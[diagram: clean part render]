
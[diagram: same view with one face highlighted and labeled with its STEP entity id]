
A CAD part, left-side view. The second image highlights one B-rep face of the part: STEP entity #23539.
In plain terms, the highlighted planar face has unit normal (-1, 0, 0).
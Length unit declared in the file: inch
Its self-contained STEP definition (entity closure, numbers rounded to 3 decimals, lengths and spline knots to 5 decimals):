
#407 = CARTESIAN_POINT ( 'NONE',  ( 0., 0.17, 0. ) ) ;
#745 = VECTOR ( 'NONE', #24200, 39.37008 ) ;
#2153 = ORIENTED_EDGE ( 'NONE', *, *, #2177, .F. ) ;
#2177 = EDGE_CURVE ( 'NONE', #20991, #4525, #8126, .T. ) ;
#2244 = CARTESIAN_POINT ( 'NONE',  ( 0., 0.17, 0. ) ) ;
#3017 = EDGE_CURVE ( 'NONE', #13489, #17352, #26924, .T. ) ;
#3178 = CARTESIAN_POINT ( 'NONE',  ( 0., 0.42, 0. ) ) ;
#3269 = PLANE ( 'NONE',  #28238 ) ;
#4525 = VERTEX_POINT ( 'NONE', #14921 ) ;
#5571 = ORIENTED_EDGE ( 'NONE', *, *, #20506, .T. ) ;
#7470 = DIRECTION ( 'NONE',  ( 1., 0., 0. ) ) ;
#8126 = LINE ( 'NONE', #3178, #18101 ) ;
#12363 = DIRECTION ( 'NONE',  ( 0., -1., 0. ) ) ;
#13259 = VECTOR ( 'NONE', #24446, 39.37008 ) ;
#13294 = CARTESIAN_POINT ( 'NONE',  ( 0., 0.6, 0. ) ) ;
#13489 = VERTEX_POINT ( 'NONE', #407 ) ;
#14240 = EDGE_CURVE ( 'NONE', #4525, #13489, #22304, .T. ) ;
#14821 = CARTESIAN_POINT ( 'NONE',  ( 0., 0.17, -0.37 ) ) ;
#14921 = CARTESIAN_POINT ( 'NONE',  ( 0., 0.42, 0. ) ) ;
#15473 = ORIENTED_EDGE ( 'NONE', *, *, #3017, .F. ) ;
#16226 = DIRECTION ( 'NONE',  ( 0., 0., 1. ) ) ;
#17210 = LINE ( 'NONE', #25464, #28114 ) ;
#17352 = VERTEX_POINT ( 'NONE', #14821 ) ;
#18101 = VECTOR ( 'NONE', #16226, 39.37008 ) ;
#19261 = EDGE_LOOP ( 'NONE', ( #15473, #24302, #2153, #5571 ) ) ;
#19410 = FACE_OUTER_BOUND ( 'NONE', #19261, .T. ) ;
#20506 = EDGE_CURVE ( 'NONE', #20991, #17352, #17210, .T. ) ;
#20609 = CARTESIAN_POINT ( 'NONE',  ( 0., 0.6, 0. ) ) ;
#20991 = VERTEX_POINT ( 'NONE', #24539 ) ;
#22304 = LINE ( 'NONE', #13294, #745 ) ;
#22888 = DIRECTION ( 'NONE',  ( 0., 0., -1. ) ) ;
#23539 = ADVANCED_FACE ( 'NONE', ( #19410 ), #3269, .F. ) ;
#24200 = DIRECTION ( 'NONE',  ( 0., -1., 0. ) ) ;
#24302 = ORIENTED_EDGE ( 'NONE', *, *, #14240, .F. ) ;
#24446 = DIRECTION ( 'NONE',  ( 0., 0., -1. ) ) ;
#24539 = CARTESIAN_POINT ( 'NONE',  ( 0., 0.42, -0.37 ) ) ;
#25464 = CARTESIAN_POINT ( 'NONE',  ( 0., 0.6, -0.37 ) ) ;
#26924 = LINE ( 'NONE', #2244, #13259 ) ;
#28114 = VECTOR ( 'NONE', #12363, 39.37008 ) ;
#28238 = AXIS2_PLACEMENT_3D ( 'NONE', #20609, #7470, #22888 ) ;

■ ■ ■

__ASSIGNMENT__:
Only the lines from the one containing "#17210 = LINE ( 'NONE', #25464, #28114 ) ;" to the end of the records should be repeated, exactly as they appear.

__EXERCISE OUTPUT__:
#17210 = LINE ( 'NONE', #25464, #28114 ) ;
#17352 = VERTEX_POINT ( 'NONE', #14821 ) ;
#18101 = VECTOR ( 'NONE', #16226, 39.37008 ) ;
#19261 = EDGE_LOOP ( 'NONE', ( #15473, #24302, #2153, #5571 ) ) ;
#19410 = FACE_OUTER_BOUND ( 'NONE', #19261, .T. ) ;
#20506 = EDGE_CURVE ( 'NONE', #20991, #17352, #17210, .T. ) ;
#20609 = CARTESIAN_POINT ( 'NONE',  ( 0., 0.6, 0. ) ) ;
#20991 = VERTEX_POINT ( 'NONE', #24539 ) ;
#22304 = LINE ( 'NONE', #13294, #745 ) ;
#22888 = DIRECTION ( 'NONE',  ( 0., 0., -1. ) ) ;
#23539 = ADVANCED_FACE ( 'NONE', ( #19410 ), #3269, .F. ) ;
#24200 = DIRECTION ( 'NONE',  ( 0., -1., 0. ) ) ;
#24302 = ORIENTED_EDGE ( 'NONE', *, *, #14240, .F. ) ;
#24446 = DIRECTION ( 'NONE',  ( 0., 0., -1. ) ) ;
#24539 = CARTESIAN_POINT ( 'NONE',  ( 0., 0.42, -0.37 ) ) ;
#25464 = CARTESIAN_POINT ( 'NONE',  ( 0., 0.6, -0.37 ) ) ;
#26924 = LINE ( 'NONE', #2244, #13259 ) ;
#28114 = VECTOR ( 'NONE', #12363, 39.37008 ) ;
#28238 = AXIS2_PLACEMENT_3D ( 'NONE', #20609, #7470, #22888 ) ;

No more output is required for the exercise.